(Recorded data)

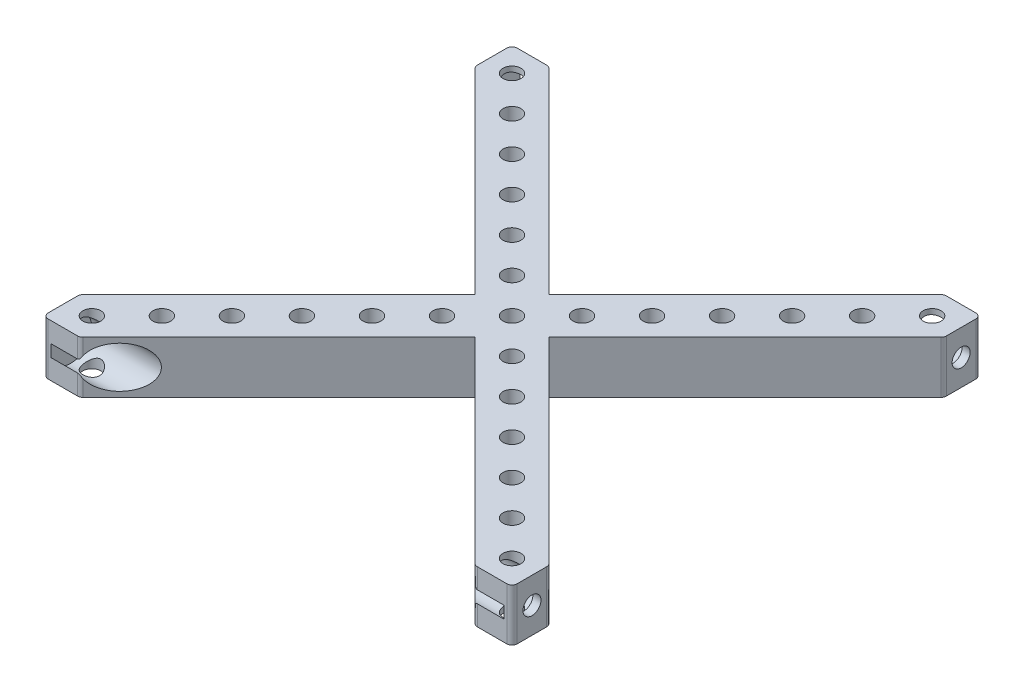
SolidWorks part; units mm, degrees
ref_plane "Front Plane" through (0, 0, 0) normal (0, 0, 1) x (1, 0, 0)
ref_plane "Top Plane" through (0, 0, 0) normal (0, 1, 0) x (1, 0, 0)
ref_plane "Right Plane" through (0, 0, 0) normal (1, 0, 0) x (0, 0, -1)
sketch "Sketch1" plane through (0, 0, 0) normal (0, 1, 0) x (1, 0, 0)
  line L0 (-45, 45) -> (-45, -45) construction
  line L1 (45, 45) -> (45, -45) construction
  line L2 (-45, 45) -> (45, 45) construction
  line L3 (45, -45) -> (-45, -45) construction
  line L4 (-45, -45) -> (45, 45) construction
  line L5 (-45, 45) -> (45, -45) construction
  line L6 (-45, 37.9289) -> (37.9289, -45)
  line L7 (-37.9289, 45) -> (45, -37.9289)
  line L8 (-37.9289, -45) -> (45, 37.9289)
  line L9 (-45, -37.9289) -> (37.9289, 45)
  line L10 (-45, 45) -> (-37.9289, 45)
  line L11 (-45, 45) -> (-45, 37.9289)
  line L12 (-45, -37.9289) -> (-45, -45)
  line L13 (-45, -45) -> (-37.9289, -45)
  line L14 (37.9289, -45) -> (45, -45)
  line L15 (45, -45) -> (45, -37.9289)
  line L16 (45, 37.9289) -> (45, 45)
  line L17 (45, 45) -> (37.9289, 45)
  line L18 (-41.4645, 48.5355) -> (48.5355, -41.4645) construction
  line L19 (-48.5355, 41.4645) -> (41.4645, -48.5355) construction
  line L20 (-48.5355, -41.4645) -> (41.4645, 48.5355) construction
  line L21 (-41.4645, -48.5355) -> (48.5355, 41.4645) construction
  circle A0 centre (0, 0) radius 1.725
  circle A1 centre (6.7175, -6.7175) radius 1.725
  circle A2 centre (13.435, -13.435) radius 1.725
  circle A3 centre (20.1525, -20.1525) radius 1.725
  circle A4 centre (26.8701, -26.8701) radius 1.725
  circle A5 centre (33.5876, -33.5876) radius 1.725
  circle A6 centre (40.3051, -40.3051) radius 1.725
  circle A7 centre (-6.7175, -6.7175) radius 1.725
  circle A8 centre (-20.1525, -20.1525) radius 1.725
  circle A9 centre (-13.435, -13.435) radius 1.725
  circle A10 centre (-26.8701, -26.8701) radius 1.725
  circle A11 centre (-33.5876, -33.5876) radius 1.725
  circle A12 centre (-40.3051, -40.3051) radius 1.725
  circle A13 centre (-6.7175, 6.7175) radius 1.725
  circle A14 centre (-20.1525, 20.1525) radius 1.725
  circle A15 centre (-13.435, 13.435) radius 1.725
  circle A16 centre (-26.8701, 26.8701) radius 1.725
  circle A17 centre (-33.5876, 33.5876) radius 1.725
  circle A18 centre (-40.3051, 40.3051) radius 1.725
  circle A19 centre (6.7175, 6.7175) radius 1.725
  circle A20 centre (20.1525, 20.1525) radius 1.725
  circle A21 centre (13.435, 13.435) radius 1.725
  circle A22 centre (26.8701, 26.8701) radius 1.725
  circle A23 centre (33.5876, 33.5876) radius 1.725
  circle A24 centre (40.3051, 40.3051) radius 1.725
  point P2 (-45, 0)
  point P75 (0, 0)
  dimension "D8" = 3.45
  dimension "D9" = 7
  dimension "D1" = 45
  dimension "D2" = 45
  dimension "D3" = 90
  dimension "D4" = 5
  dimension "D5" = 5
  dimension "D6" = 5
  dimension "D7" = 5
  dimension "D10" = 4
extrude "Boss-Extrude1" add sketch "Sketch1" along normal blind 10 contours L10 L11 L6 L9 L7 A18 A17 A16 A15 A14 A13 | L16 L17 L9 L7 L8 A24 A23 A22 A21 A20 A19 | L9 L6 L8 L7 A0 | L14 L15 L7 L8 L6 A6 A5 A4 A3 A2 A1 | L12 L13 L8 L6 L9 A12 A11 A10 A9 A8 A7
fillet "Fillet1" radius 1 12 edges at (37.9289, 5, -45) (45, 5, -45) (45, 5, -37.9289) (45, 5, 37.9289) (45, 5, 45) (37.9289, 5, 45) (-37.9289, 5, 45) (-45, 5, 45) (-45, 5, 37.9289) (-45, 5, -37.9289) (-37.9289, 5, -45) (-45, 5, -45)
sketch "Sketch2" plane through (-45, 0, 0) normal (-1, 0, 0) x (0, 0, 1)
  line L0 (-62.6005, 5) -> (62.6005, 5) construction
  line L1 (-37.9289, 10) -> (-37.9289, 0) construction
  line L2 (-44, 10) -> (-38.3431, 10) construction
  line L3 (38.3431, 10) -> (44, 10) construction
  circle A0 centre (-41.1716, 5) radius 1.725
  circle A1 centre (41.1716, 5) radius 1.725
  point P3 (0, 5)
  point P6 (-37.9289, 5)
  point P11 (-41.1716, 10)
  point P15 (41.1716, 10)
  dimension "D1" = 3.45
  dimension "D2" = 3.45
extrude "Cut-Extrude2" cut sketch "Sketch2" against normal blind 1.55
sketch "Sketch3" plane through (-43.45, 0, 0) normal (-1, 0, 0) x (0, 0, 1)
  circle A0 centre (-41.1716, 5) radius 4
  circle A1 centre (41.1716, 5) radius 4
  dimension "D1" = 8
  dimension "D2" = 8
extrude "Cut-Extrude3" cut sketch "Sketch3" against normal blind 40
mirror "Mirror1" about plane through (0, 0, 0) normal (1, 0, 0) of "Cut-Extrude3", "Cut-Extrude2"
equation "\"D2@Sketch2\"=\"D1@Sketch2\""
equation "\"D2@Sketch3\"=\"D1@Sketch3\""
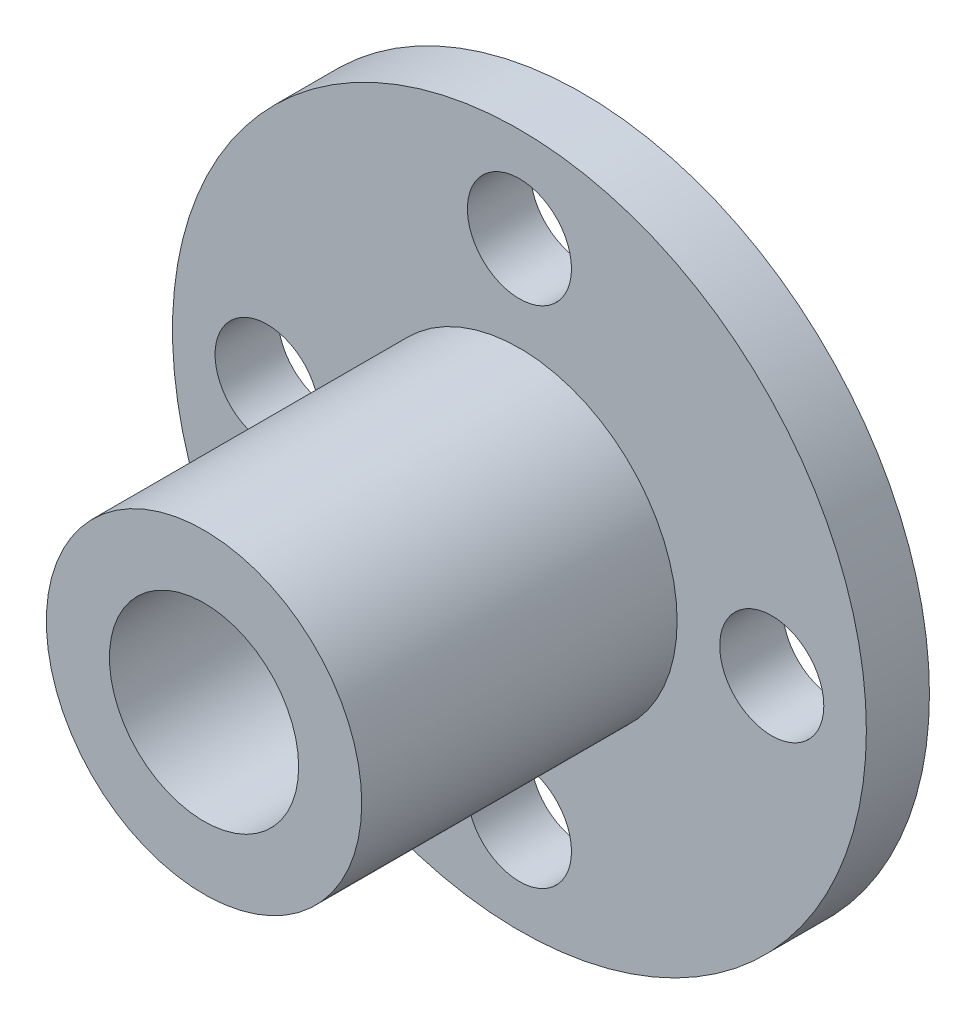
SolidWorks part; units mm, degrees
ref_plane "前视基准面" through (0, 0, 0) normal (0, 0, 1) x (1, 0, 0)
ref_plane "上视基准面" through (0, 0, 0) normal (0, 1, 0) x (1, 0, 0)
ref_plane "右视基准面" through (0, 0, 0) normal (1, 0, 0) x (0, 0, -1)
sketch "草图1" plane through (0, 0, 0) normal (0, 0, 1) x (1, 0, 0)
  circle A0 centre (0, 0) radius 11
  circle A1 centre (0, 0) radius 3
  circle A2 centre (0, 8) radius 1.65
  circle A3 centre (8, 0) radius 1.65
  circle A4 centre (0, -8) radius 1.65
  circle A5 centre (-8, 0) radius 1.65
  dimension "D1" = 22
  dimension "D2" = 6
  dimension "D3" = 3.3
  dimension "D4" = 3.3
  dimension "D5" = 3.3
  dimension "D6" = 3.3
  dimension "D7" = 8
  dimension "D8" = 8
  dimension "D9" = 8
  dimension "D10" = 8
extrude "凸台-拉伸1" add sketch "草图1" along normal blind 2
sketch "草图2" plane through (0, 0, 2) normal (0, 0, 1) x (1, 0, 0)
  circle A0 centre (0, 0) radius 5
  circle A1 centre (0, 0) radius 3 construction
  circle A2 centre (0, 0) radius 3
  dimension "D1" = 10
extrude "凸台-拉伸2" add sketch "草图2" along normal blind 10
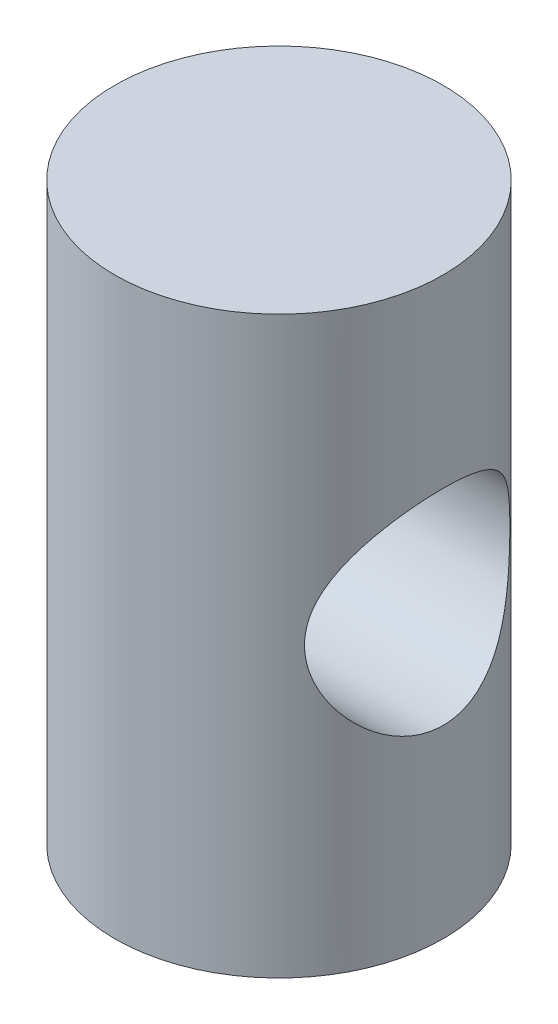
SolidWorks part; units mm, degrees
material "1023 Carbon Steel Sheet (SS)"
ref_plane "Front Plane" through (0, 0, 0) normal (0, 0, 1) x (1, 0, 0)
ref_plane "Top Plane" through (0, 0, 0) normal (0, 1, 0) x (1, 0, 0)
ref_plane "Right Plane" through (0, 0, 0) normal (1, 0, 0) x (0, 0, -1)
sketch "Sketch1" plane through (0, 0, 0) normal (0, 1, 0) x (1, 0, 0)
  circle A0 centre (0, 0) radius 4
  dimension "D1" = 8
extrude "Boss-Extrude1" add sketch "Sketch1" along normal mid plane 14
sketch "Sketch2" plane through (0, 0, 0) normal (1, 0, 0) x (0, 0, -1)
  circle A0 centre (0, 0) radius 2.5
  dimension "D1" = 5
extrude "Cut-Extrude1" cut sketch "Sketch2" against normal mid plane 14

TASK GOAL> Among the entries above, the line containing "line L18 (-41.4645, 48.5355)", the line containing "circle A18 centre", and all lines between them are to be restated word for word; nothing else belongs in the reply.

TASK SOLUTION>
  line L18 (-41.4645, 48.5355) -> (48.5355, -41.4645) construction
  line L19 (-48.5355, 41.4645) -> (41.4645, -48.5355) construction
  line L20 (-48.5355, -41.4645) -> (41.4645, 48.5355) construction
  line L21 (-41.4645, -48.5355) -> (48.5355, 41.4645) construction
  circle A0 centre (0, 0) radius 1.725
  circle A1 centre (6.7175, -6.7175) radius 1.725
  circle A2 centre (13.435, -13.435) radius 1.725
  circle A3 centre (20.1525, -20.1525) radius 1.725
  circle A4 centre (26.8701, -26.8701) radius 1.725
  circle A5 centre (33.5876, -33.5876) radius 1.725
  circle A6 centre (40.3051, -40.3051) radius 1.725
  circle A7 centre (-6.7175, -6.7175) radius 1.725
  circle A8 centre (-20.1525, -20.1525) radius 1.725
  circle A9 centre (-13.435, -13.435) radius 1.725
  circle A10 centre (-26.8701, -26.8701) radius 1.725
  circle A11 centre (-33.5876, -33.5876) radius 1.725
  circle A12 centre (-40.3051, -40.3051) radius 1.725
  circle A13 centre (-6.7175, 6.7175) radius 1.725
  circle A14 centre (-20.1525, 20.1525) radius 1.725
  circle A15 centre (-13.435, 13.435) radius 1.725
  circle A16 centre (-26.8701, 26.8701) radius 1.725
  circle A17 centre (-33.5876, 33.5876) radius 1.725
  circle A18 centre (-40.3051, 40.3051) radius 1.725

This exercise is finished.